Exploration Effort in Foraging Bees Is Enhanced by Clustering of Food Resources

Abstract:

Foraging can be viewed as a dual activity: a food-collection process, and an exploration process, which enables foragers to collect information on food resources. Exploration of food sources may involve patch sampling, as well as sampling of various food sources within heterogeneous patches. The present study aimed to quantify exploration effort in relation to the spatial distribution of the food sources. Exploration effort was measured in two-stage laboratory experiments on naive bumblebees, Bombus terrestris (L.). In the first stage the bees were allowed to forage on three types of color-distinct artificial flowers.
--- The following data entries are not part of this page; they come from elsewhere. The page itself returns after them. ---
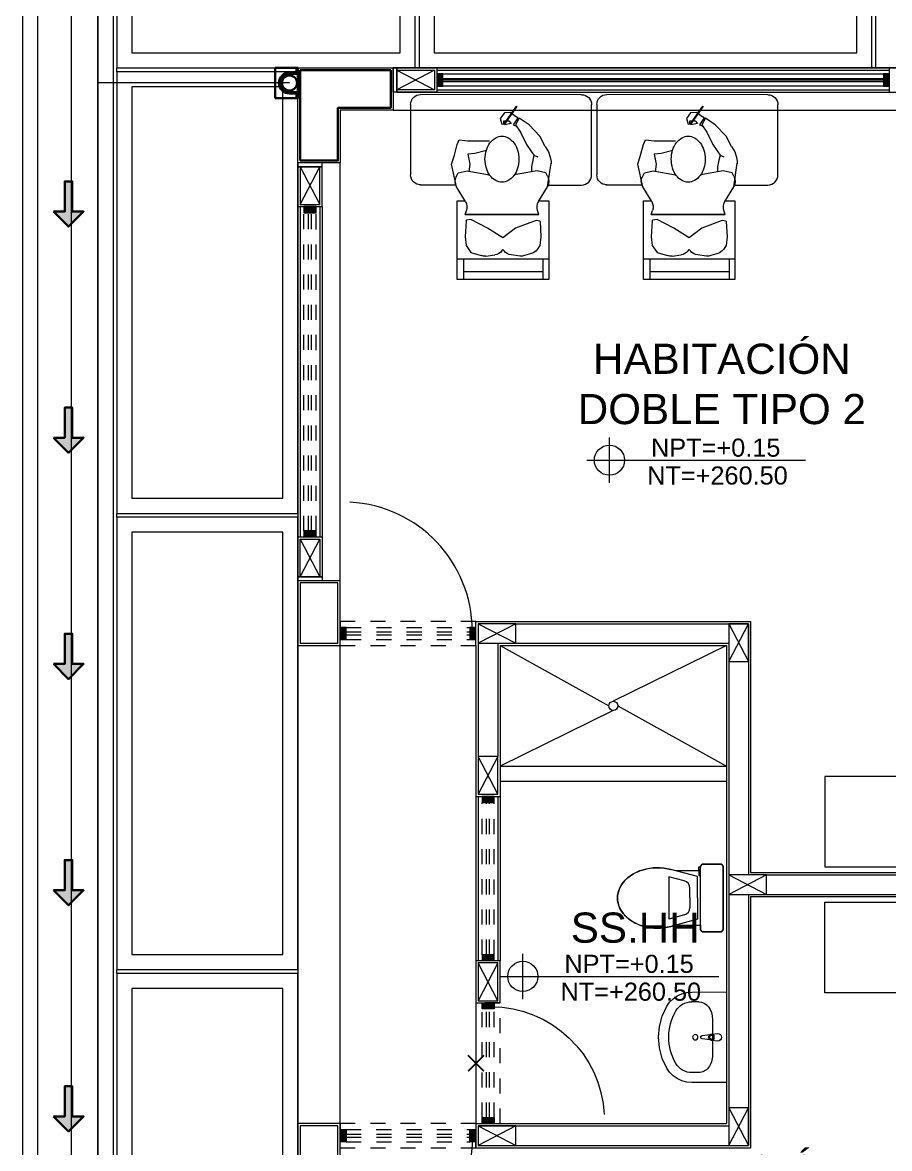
# Model space of a CAD drawing. Header units: metres. Extents: x 349075 to 349285, y 9281902 to 9282050.
# Drawn here: x 349120.23 to 349125.97, y 9281996.36 to 9282003.83 of the extents above; entities that cross this region are included whole.
import ezdxf

# ---------------------------------------------------------------- set-up
doc = ezdxf.new("R2010")
doc.units = ezdxf.units.M
doc.header["$LTSCALE"] = 0.25
doc.linetypes.add('01 nivel$0$HIDDEN2', pattern=[0.1875, 0.125, -0.0625])
doc.linetypes.add('DASHED2', pattern=[0.762, 0.635, -0.127])
for name, color, linetype, lineweight in [('.', 7, 'Continuous', 0), ('0_ CUNETAS', 151, 'Continuous', 5), ('0_VANOS', 30, 'Continuous', 9), ('ARQ-FONDO', 253, 'CONTINUOUS', 9), ('CUNETAS-RED', 5, 'CONTINUOUS', 18)]:
    doc.layers.add(name, color=color, linetype=linetype, lineweight=lineweight)
doc.styles.add('Arial_1', font='arial.ttf', dxfattribs={"height": 0.15})

# ---------------------------------------------------------------- blocks, each defined once
blk = doc.blocks.new('Lavabo 22')
at = {"layer": 'ARQ-FONDO', "linetype": 'Continuous'}
for p, q in [((-0.3, 0), (-0.3, -0.2291)), ((0.3, 0), (-0.3, 0)), ((0.3, -0.2291), (0.3, 0)), ((-0.025, -0.0573), (-0.021, -0.0993)), ((0.021, -0.0993), (0.025, -0.0573)), ((0.1188, -0.0923), (-0.1188, -0.0923)), ((-0.0177, -0.1088), (-0.0111, -0.1617)), ((-0.0136, -0.0971), (-0.0136, -0.0822)), ((-0.0136, -0.0822), (0.0136, -0.0822)), ((0.0111, -0.1617), (0.0177, -0.1088)), ((0.0136, -0.0822), (0.0136, -0.0971)), ((-0.2348, -0.1833), (-0.2348, -0.2291)), ((0.2348, -0.1833), (0.2348, -0.2291)), ((-0.3, -0.2291), (-0.2971, -0.2628)), ((-0.2971, -0.2628), (-0.2885, -0.2955)), ((-0.2885, -0.2955), (-0.2745, -0.326)), ((0.2745, -0.326), (0.2885, -0.2955)), ((0.2885, -0.2955), (0.2971, -0.2628)), ((0.2971, -0.2628), (0.3, -0.2291)), ((-0.2745, -0.326), (-0.2555, -0.3534)), ((-0.2555, -0.3534), (-0.2322, -0.3769)), ((0.2322, -0.3769), (0.2555, -0.3534)), ((0.2555, -0.3534), (0.2745, -0.326)), ((-0.2322, -0.3769), (-0.2052, -0.3956)), ((-0.2052, -0.3956), (-0.14, -0.4255)), ((-0.14, -0.4255), (-0.071, -0.4438)), ((-0.071, -0.4438), (0, -0.45)), ((0, -0.45), (0.071, -0.4438)), ((0.071, -0.4438), (0.14, -0.4255)), ((0.14, -0.4255), (0.2052, -0.3956)), ((0.2052, -0.3956), (0.2322, -0.3769))]:
    blk.add_line(p, q, dxfattribs=at)
blk.add_circle((0, -0.2071), 0.0175, dxfattribs=at)
for centre, radius, start, end in [((0, -0.0573), 0.025, 0, 180), ((0, -0.0974), 0.0211, 185.16961, 212.77103), ((0, -0.0974), 0.0211, 212.77103, 327.22897), ((0, -0.0971), 0.0136, 180, 0), ((0, -0.0974), 0.0211, 327.22897, 354.83039), ((0, -0.1603), 0.0112, 187.13892, 352.86108)]:
    blk.add_arc(centre, radius, start, end, dxfattribs=at)
for centre, major_axis, ratio, start_param, end_param in [((-0.1187, -0.1833), (0.1161, 0), 0.783646, 1.570796, 3.141593), ((0.1187, -0.1833), (0.1161, 0), 0.783646, 0, 1.570796), ((-0.1189, -0.2291), (0, 0.1212), 0.956522, 1.570796, 2.644618), ((0.1189, -0.2291), (0, 0.1212), 0.956522, 3.638567, 4.712389), ((0, 0), (0, 0.3818), 0.956522, 2.644618, 3.638567)]:
    blk.add_ellipse(centre, major_axis=major_axis, ratio=ratio, start_param=start_param, end_param=end_param, dxfattribs=at)
blk = doc.blocks.new('COLUMNAS BLO DOR 01')
at = {"layer": 'ARQ-FONDO', "elevation": 0}
for points in [[(-17.73, -0.63), (-17.73, 0), (-17.1, 0), (-17.1, -0.28), (-17.45, -0.28), (-17.45, -0.63)], [(-17.45, -3.83), (-17.45, -3.4), (-17.73, -3.4), (-17.73, -3.83)], [(-17.465, -3.815), (-17.465, -3.415), (-17.715, -3.415), (-17.715, -3.815)], [(-17.45, -7.43), (-17.45, -7), (-17.73, -7), (-17.73, -7.43)], [(-17.465, -7.415), (-17.465, -7.015), (-17.715, -7.015), (-17.715, -7.415)]]:
    blk.add_lwpolyline(points, close=True, dxfattribs=at)
at = {"layer": 'ARQ-FONDO', "lineweight": 30, "elevation": 0}
blk.add_lwpolyline([(-17.715, -0.615), (-17.715, -0.015), (-17.115, -0.015), (-17.115, -0.265), (-17.465, -0.265), (-17.465, -0.615)], close=True, dxfattribs=at)
blk = doc.blocks.new('*U700')
at = {"linetype": 'Continuous', "true_color": 0xbebebe}
for points in [[(3032.1314, 1351.1888), (3032.1314, 1351.2688), (3032.1714, 1351.2688), (3032.1714, 1351.1888)], [(3034.2814, 1351.1888), (3034.2814, 1351.2688), (3034.3214, 1351.2688), (3034.3214, 1351.1888)]]:
    blk.add_hatch(color=9, dxfattribs=at).paths.add_polyline_path(points)
at = {"layer": '0_VANOS', "linetype": 'Continuous'}
for p, q in [((3032.1314, 1351.2688), (3032.1714, 1351.2688)), ((3032.1314, 1351.2688), (3032.1314, 1351.1888)), ((3032.1714, 1351.2688), (3032.1714, 1351.1888)), ((3034.2814, 1351.1888), (3034.2814, 1351.2688)), ((3034.2814, 1351.2688), (3034.3214, 1351.2688)), ((3034.3214, 1351.2688), (3034.3214, 1351.1888)), ((3032.1714, 1351.1888), (3032.1314, 1351.1888)), ((3034.3214, 1351.1888), (3034.2814, 1351.1888))]:
    blk.add_line(p, q, dxfattribs=at)
at = {"layer": '0_VANOS', "linetype": '01 nivel$0$HIDDEN2', "ltscale": 0.5}
for p, q in [((3032.1708, 1351.2688), (3034.2808, 1351.2688)), ((3032.1714, 1351.2388), (3034.2814, 1351.2388)), ((3032.1714, 1351.2188), (3034.2814, 1351.2188)), ((3032.1714, 1351.1888), (3034.2814, 1351.1888))]:
    blk.add_line(p, q, dxfattribs=at)
at = {"layer": '0_VANOS', "linetype": '01 nivel$0$HIDDEN2'}
blk.add_line((3034.2814, 1351.2688), (3034.3214, 1351.2688), dxfattribs=at)
blk = doc.blocks.new('escritorio dormitorios')
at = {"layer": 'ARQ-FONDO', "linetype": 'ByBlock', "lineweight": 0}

In the second stage a new type of artificial flowers ("exploratory flowers"), which were non-rewarding, was added. The four types of artificial flowers were either arranged in spatially distinct clusters or randomly intermingled. Two reward schedules were used in each spatial arrangement: constant refilling of visited flowers and probabilistic refilling. The bees' visit to the exploratory flowers were recorded as a measure of exploratory activity, and were related to their previous foraging experience. Bees which experienced a probabilistic reward schedule explored more than bees from the constant-reward treatments. Bees which foraged on clustered flowers directed a larger proportion of their flights to exploratory flowers, and made more visits to these flowers, than bees that foraged on intermingled flowers. This tendency was obtained both in the probabilistic and in the constant reward schedules. The results suggest that bees allocate more effort to the exploration of novel feeding patches than to the exploration of new food types within a known patch.